(Items listed in a dataset)
+---+

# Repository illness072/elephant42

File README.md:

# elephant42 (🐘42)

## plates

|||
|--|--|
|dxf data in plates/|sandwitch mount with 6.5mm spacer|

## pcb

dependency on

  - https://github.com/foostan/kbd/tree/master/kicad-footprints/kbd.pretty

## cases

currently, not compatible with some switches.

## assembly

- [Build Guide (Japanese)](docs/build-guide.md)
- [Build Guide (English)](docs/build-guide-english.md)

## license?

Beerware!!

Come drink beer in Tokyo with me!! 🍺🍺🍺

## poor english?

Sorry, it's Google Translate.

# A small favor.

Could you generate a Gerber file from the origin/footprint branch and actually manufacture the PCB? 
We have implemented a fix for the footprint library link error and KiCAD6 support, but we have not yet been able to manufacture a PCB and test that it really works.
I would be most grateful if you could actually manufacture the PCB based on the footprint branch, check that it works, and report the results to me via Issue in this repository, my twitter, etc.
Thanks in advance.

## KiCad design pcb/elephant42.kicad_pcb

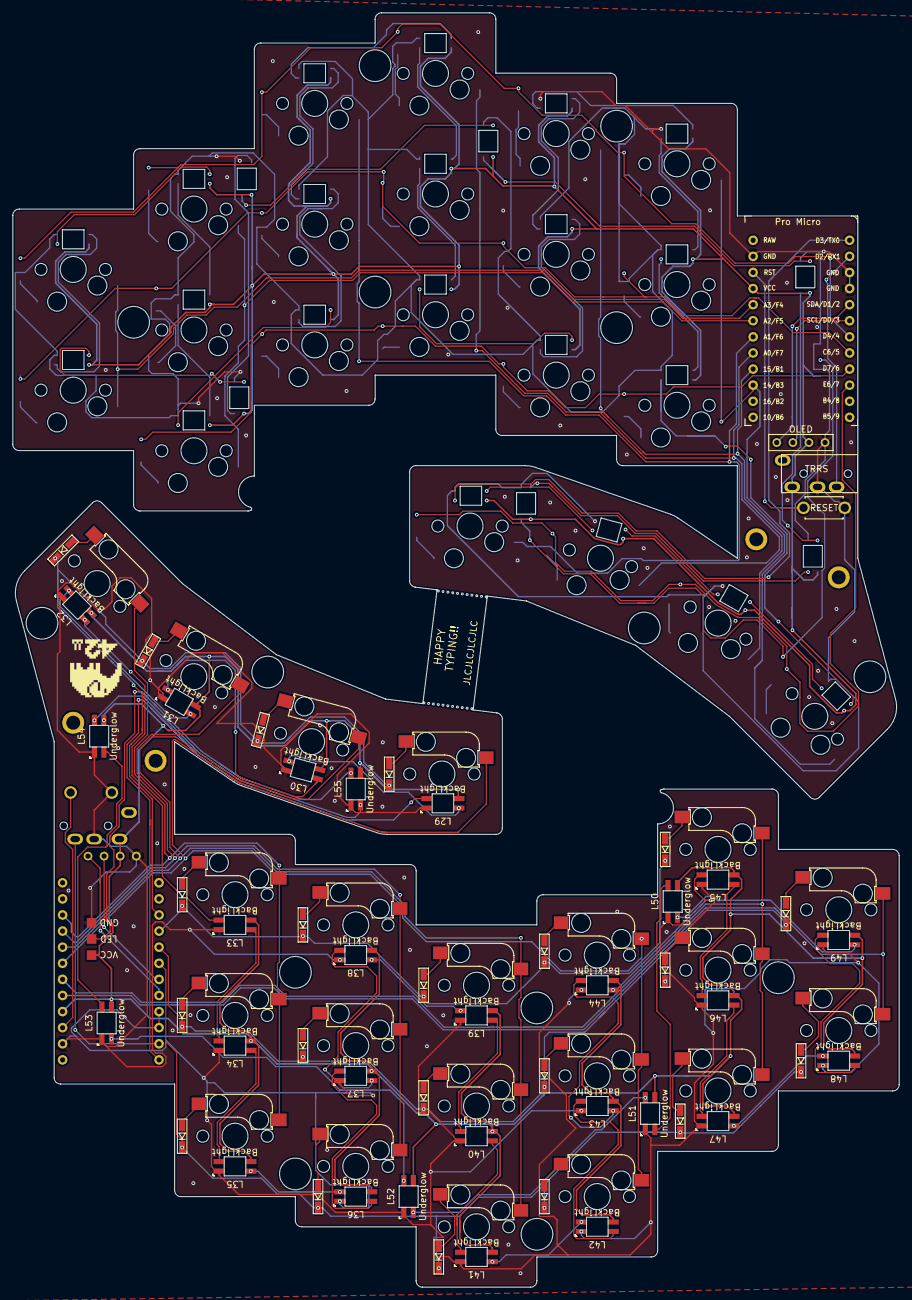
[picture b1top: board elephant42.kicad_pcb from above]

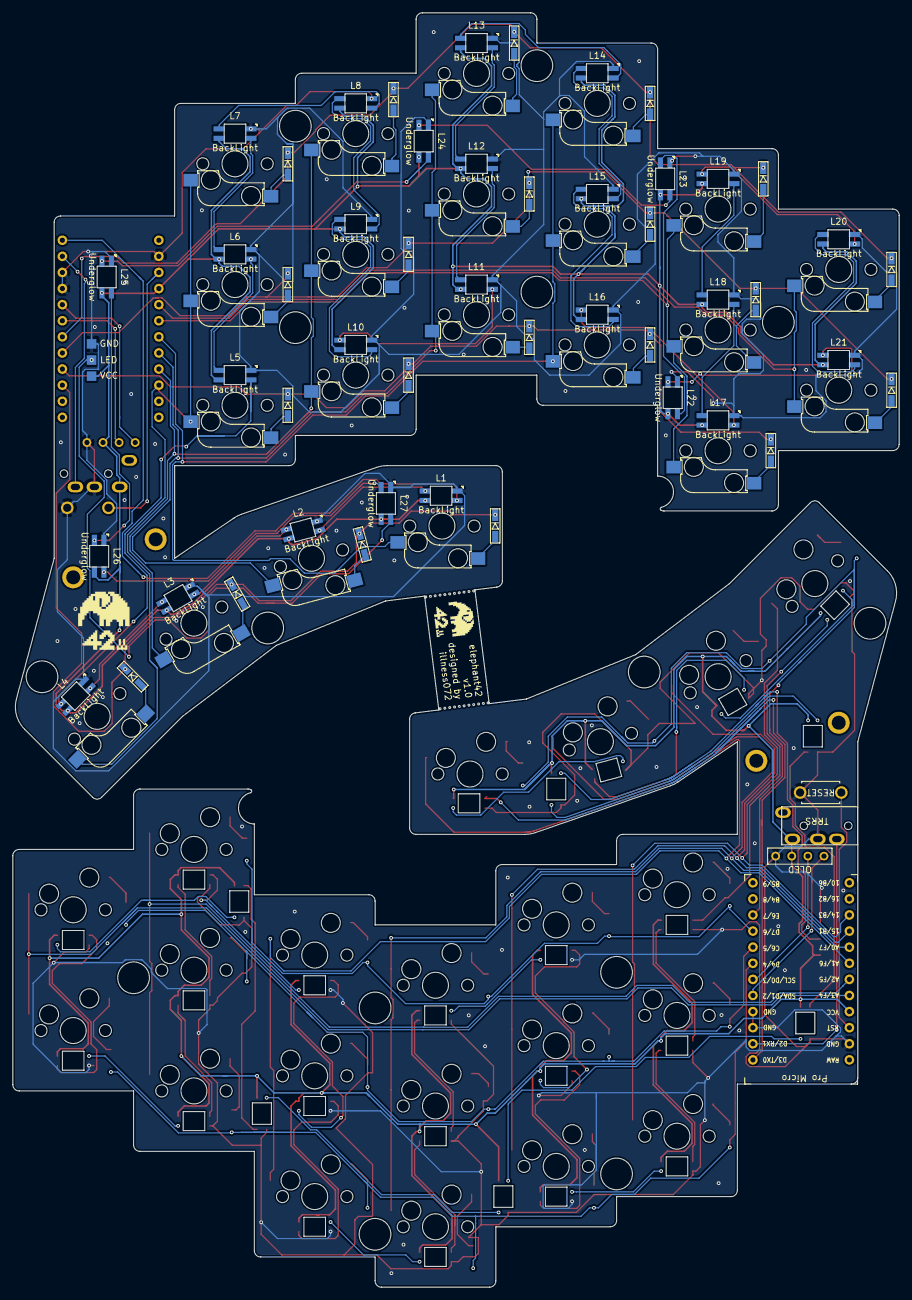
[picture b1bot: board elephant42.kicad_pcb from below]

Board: 2 copper layers, 139.8 x 201.0 mm, 152 parts (74 on the bottom side), 128 nets.

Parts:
D1, D2, D3, D4, D5, D6, D7, D8, D9, D10, D11, D12, D13, D14, D15, D16, D17, D18, D19, D20, D21, D22, D23, D24, D25, D26, D27, D28, D29, D30, D31, D32, D33, D34, D35, D36, D37, D38, D39, D40, D41, D42: D; D3_SMD_v2
J1, J3: MJ-4PP-9; MJ-4PP-9_1side
J4, J4#2, J4#3, J4#4: Conn_01x01; M2hole
L1, L2, L3, L4, L5, L6, L7, L8, L9, L10, L11, L12, L13, L14, L15, L16, L17, L18, L19, L20, L21, L29, L30, L31, L32, L33, L34, L35, L36, L37, L38, L39, L40, L41, L42, L43, L44, L45, L46, L47, L48, L49: YS-SK6812mini-E; YS-SK6812MINI-E
L22, L23, L24, L25, L26, L27, L50, L51, L52, L53, L54, L55: YS-SK6812mini-E; YS-SK6812MINI-E-underglow
L28, L56: LED; StripLED_1side
OL1, OL2: OLED; OLED_1side
RESET_SW1, RESET_SW2: SW_PUSH; ResetSW_1side
SW1, SW2, SW3, SW4, SW5, SW6, SW7, SW8, SW9, SW10, SW11, SW12, SW13, SW14, SW15, SW16, SW17, SW18, SW19, SW20, SW21, SW22, SW23, SW24, SW25, SW26, SW27, SW28, SW29, SW30, SW31, SW32, SW33, SW34, SW35, SW36, SW37, SW38, SW39, SW40, SW41, SW42: SW_PUSH; CherryMX_Hotswap
U1, U2: ProMicro; ProMicro_v3

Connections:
GND: J1.C, J3.C, L1.3, L2.3, L3.3, L4.3, L5.3, L6.3, L7.3, L8.3, L9.3, L10.3, L11.3, L12.3, L13.3, L14.3, L15.3, L16.3, L17.3, L18.3, L19.3, L20.3, L21.3, L22.3, L23.3, L24.3, L25.3, L26.3, L27.3, L28.3, L29.3, L30.3, L31.3, L32.3, L33.3, L34.3, L35.3, L36.3, L37.3, L38.3, L39.3, L40.3, L41.3, L42.3, L43.3, L44.3, L45.3, L46.3, L47.3, L48.3, L49.3, L50.3, L51.3, L52.3, L53.3, L54.3, L55.3, L56.3, OL1.4, OL2.4, RESET_SW1.2, RESET_SW2.2, U1.3, U1.4, U1.23, U2.3, U2.4, U2.23
unnamed: D1.2, SW1.2
unnamed: D2.2, SW2.2
unnamed: D3.2, SW3.2
unnamed: D4.2, SW4.2
unnamed: D5.2, SW5.2
unnamed: D6.2, SW6.2
unnamed: D7.2, SW7.2
unnamed: D8.2, SW8.2
unnamed: D9.2, SW9.2
unnamed: D10.2, SW10.2
unnamed: D11.2, SW11.2
unnamed: D12.2, SW12.2
unnamed: D13.2, SW13.2
unnamed: D14.2, SW14.2
unnamed: D15.2, SW15.2
unnamed: D16.2, SW16.2
unnamed: D17.2, SW17.2
unnamed: D18.2, SW18.2
unnamed: D19.2, SW19.2
unnamed: D20.2, SW20.2
unnamed: D21.2, SW21.2
unnamed: D22.2, SW22.2
unnamed: D23.2, SW23.2
unnamed: D24.2, SW24.2
unnamed: D25.2, SW25.2
unnamed: D26.2, SW26.2
unnamed: D27.2, SW27.2
unnamed: D28.2, SW28.2
unnamed: D29.2, SW29.2
unnamed: D30.2, SW30.2
unnamed: D31.2, SW31.2
unnamed: D32.2, SW32.2
unnamed: D33.2, SW33.2
unnamed: D34.2, SW34.2
unnamed: D35.2, SW35.2
unnamed: D36.2, SW36.2
unnamed: D37.2, SW37.2
unnamed: D38.2, SW38.2
unnamed: D39.2, SW39.2
unnamed: D40.2, SW40.2
unnamed: D41.2, SW41.2
unnamed: D42.2, SW42.2
unnamed: L1.2, L2.4
unnamed: L2.2, L3.4
unnamed: L3.2, L4.4
unnamed: L4.2, L5.4
unnamed: L5.2, L6.4
unnamed: L6.2, L7.4
unnamed: L7.2, L8.4
unnamed: L8.2, L9.4
unnamed: L10.2, L11.4
unnamed: L9.2, L10.4
unnamed: L11.2, L12.4
unnamed: L12.2, L13.4
unnamed: L13.2, L14.4
unnamed: L14.2, L15.4
unnamed: L15.2, L16.4
unnamed: L16.2, L17.4
unnamed: L17.2, L18.4
unnamed: L18.2, L19.4
unnamed: L19.2, L20.4
unnamed: L20.2, L21.4
unnamed: L21.2, L22.4
unnamed: L22.2, L23.4
unnamed: L23.2, L24.4
unnamed: L24.2, L25.4
unnamed: L25.2, L26.4
unnamed: L26.2, L27.4
unnamed: L27.2, L28.2
unnamed: L29.2, L30.4
unnamed: L30.2, L31.4
unnamed: L31.2, L32.4
unnamed: L32.2, L33.4
unnamed: L33.2, L34.4
unnamed: L34.2, L35.4
unnamed: L35.2, L36.4
unnamed: L36.2, L37.4
unnamed: L37.2, L38.4
unnamed: L38.2, L39.4
unnamed: L39.2, L40.4
unnamed: L40.2, L41.4
unnamed: L41.2, L42.4
unnamed: L42.2, L43.4
unnamed: L43.2, L44.4
unnamed: L44.2, L45.4
unnamed: L45.2, L46.4
unnamed: L46.2, L47.4
unnamed: L47.2, L48.4
unnamed: L48.2, L49.4
unnamed: L49.2, L50.4
unnamed: L50.2, L51.4
unnamed: L51.2, L52.4
unnamed: L52.2, L53.4
unnamed: L53.2, L54.4
unnamed: L54.2, L55.4
unnamed: L55.2, L56.2
VCC: J1.D, J3.D, L1.1, L2.1, L3.1, L4.1, L5.1, L6.1, L7.1, L8.1, L9.1, L10.1, L11.1, L12.1, L13.1, L14.1, L15.1, L16.1, L17.1, L18.1, L19.1, L20.1, L21.1, L22.1, L23.1, L24.1, L25.1, L26.1, L27.1, L28.1, L29.1, L30.1, L31.1, L32.1, L33.1, L34.1, L35.1, L36.1, L37.1, L38.1, L39.1, L40.1, L41.1, L42.1, L43.1, L44.1, L45.1, L46.1, L47.1, L48.1, L49.1, L50.1, L51.1, L52.1, L53.1, L54.1, L55.1, L56.1, OL1.3, OL2.3, U1.21, U2.21
col0: SW1.1, SW7.1, U1.20
col1: SW2.1, SW8.1, SW13.1, U1.19
col2: SW3.1, SW9.1, SW14.1, SW18.1, U1.18
col3: SW4.1, SW10.1, SW15.1, SW19.1, U1.17
col4: SW5.1, SW11.1, SW16.1, SW20.1, U1.16
col5: SW6.1, SW12.1, SW17.1, SW21.1, U1.15
col6: SW27.1, SW33.1, U2.20
col7: SW26.1, SW32.1, SW38.1, U2.19
col8: SW25.1, SW31.1, SW37.1, SW42.1, U2.18
col9: SW24.1, SW30.1, SW36.1, SW41.1, U2.17
col10: SW23.1, SW29.1, SW35.1, SW40.1, U2.16
col11: SW22.1, SW28.1, SW34.1, SW39.1, U2.15
data_l: J1.B, U1.2
data_r: J3.B, U2.2
led_l: L1.4, U1.1
led_r: L29.4, U2.1
reset_l: RESET_SW1.1, U1.22
reset_r: RESET_SW2.1, U2.22
row0: D1.1, D2.1, D3.1, D4.1, D5.1, D6.1, U1.7
row1: D7.1, D8.1, D9.1, D10.1, D11.1, D12.1, U1.8
row2: D13.1, D14.1, D15.1, D16.1, D17.1, U1.9
row3: D18.1, D19.1, D20.1, D21.1, U1.10
row4: D22.1, D23.1, D24.1, D25.1, D26.1, D27.1, U2.7
row5: D28.1, D29.1, D30.1, D31.1, D32.1, D33.1, U2.8
row6: D34.1, D35.1, D36.1, D37.1, D38.1, U2.9
row7: D39.1, D40.1, D41.1, D42.1, U2.10
scl_l: OL2.2, U1.6
scl_r: OL1.2, U2.6
sda_l: OL2.1, U1.5
sda_r: OL1.1, U2.5

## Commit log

2019-12-01 Create LICENSE
2019-12-01 added plate data
2019-12-01 added descrpiption
2019-12-01 added PCB data
2019-12-01 added case data.
2019-12-01 add picture
2019-12-20 add LED
2019-12-29 jlcpcb
2020-01-09 small fix
2020-01-15 update gitignore
2020-01-15 update plates
2020-01-15 update cases
2020-01-15 add pictures
2020-01-16 added Keyboard Layout Editor JSON
2020-01-18 add item-list
2020-01-19 setup guide
2020-01-20 update build-guide: split PCB, LED
2020-01-20 update build-guide: small fix
2020-01-20 update build-guide: solder complete
2020-01-20 update build-guide: assemble complete
2020-01-20 resize images
2020-01-20 thank you nrtkbb-san!
2020-01-25 move images
2020-01-26 rename dir
2020-01-26 Set theme jekyll-theme-slate
2020-01-27 update build-guide: enable OLED
2020-01-27 update buildguide: update toc
2020-01-28 add mysterious document
2020-05-27 fix th
2020-07-04 v1 pcb
2020-07-06 add file
2020-07-06 add cases
2020-07-06 update build-guide
2020-07-24 add via files
2020-07-27 update docs
2020-12-26 add v2 case
2021-01-15 add youtube link
2021-01-15 update toc
2021-03-08 Adds a google translated version of build guide
2021-03-08 Cleanse up some of the mess google added in translation
2021-03-08 Cleans up some more formatting issues from google translate
2021-03-08 Resolves some more list formatting issues
2021-03-08 Adds some more list formatting in hopes of better github compatibility
2021-03-08 Fixed more formatting issues caused by my search/replace methods
2021-03-08 Fixes a couple more little things
2021-03-08 More formatting
2021-10-24 move via files to firmware-repository
2021-12-09 archive footprint
2021-12-09 archive lib
2021-12-10 updat sch
2022-04-25 kicad6
2022-05-14 Add files via upload
    Add plate data for Yusha-Kobo laser cut
2022-05-15 Fix plate data
2022-05-16 Add files via upload (#10)
    * Add files via upload
    Add plate data for Yusha-Kobo laser cut
    * Fix plate data
2022-05-19 README: Fixes link to kbd.pretty
2022-05-19 README: Fixes link to kbd.pretty (#11)

+---+

#### Task instructions
From the entries above, return exactly the line containing "unnamed: D38.2, SW38.2", the line containing "unnamed: L10.2, L11.4", and all lines between, and nothing else.

#### Task answer
unnamed: D38.2, SW38.2
unnamed: D39.2, SW39.2
unnamed: D40.2, SW40.2
unnamed: D41.2, SW41.2
unnamed: D42.2, SW42.2
unnamed: L1.2, L2.4
unnamed: L2.2, L3.4
unnamed: L3.2, L4.4
unnamed: L4.2, L5.4
unnamed: L5.2, L6.4
unnamed: L6.2, L7.4
unnamed: L7.2, L8.4
unnamed: L8.2, L9.4
unnamed: L10.2, L11.4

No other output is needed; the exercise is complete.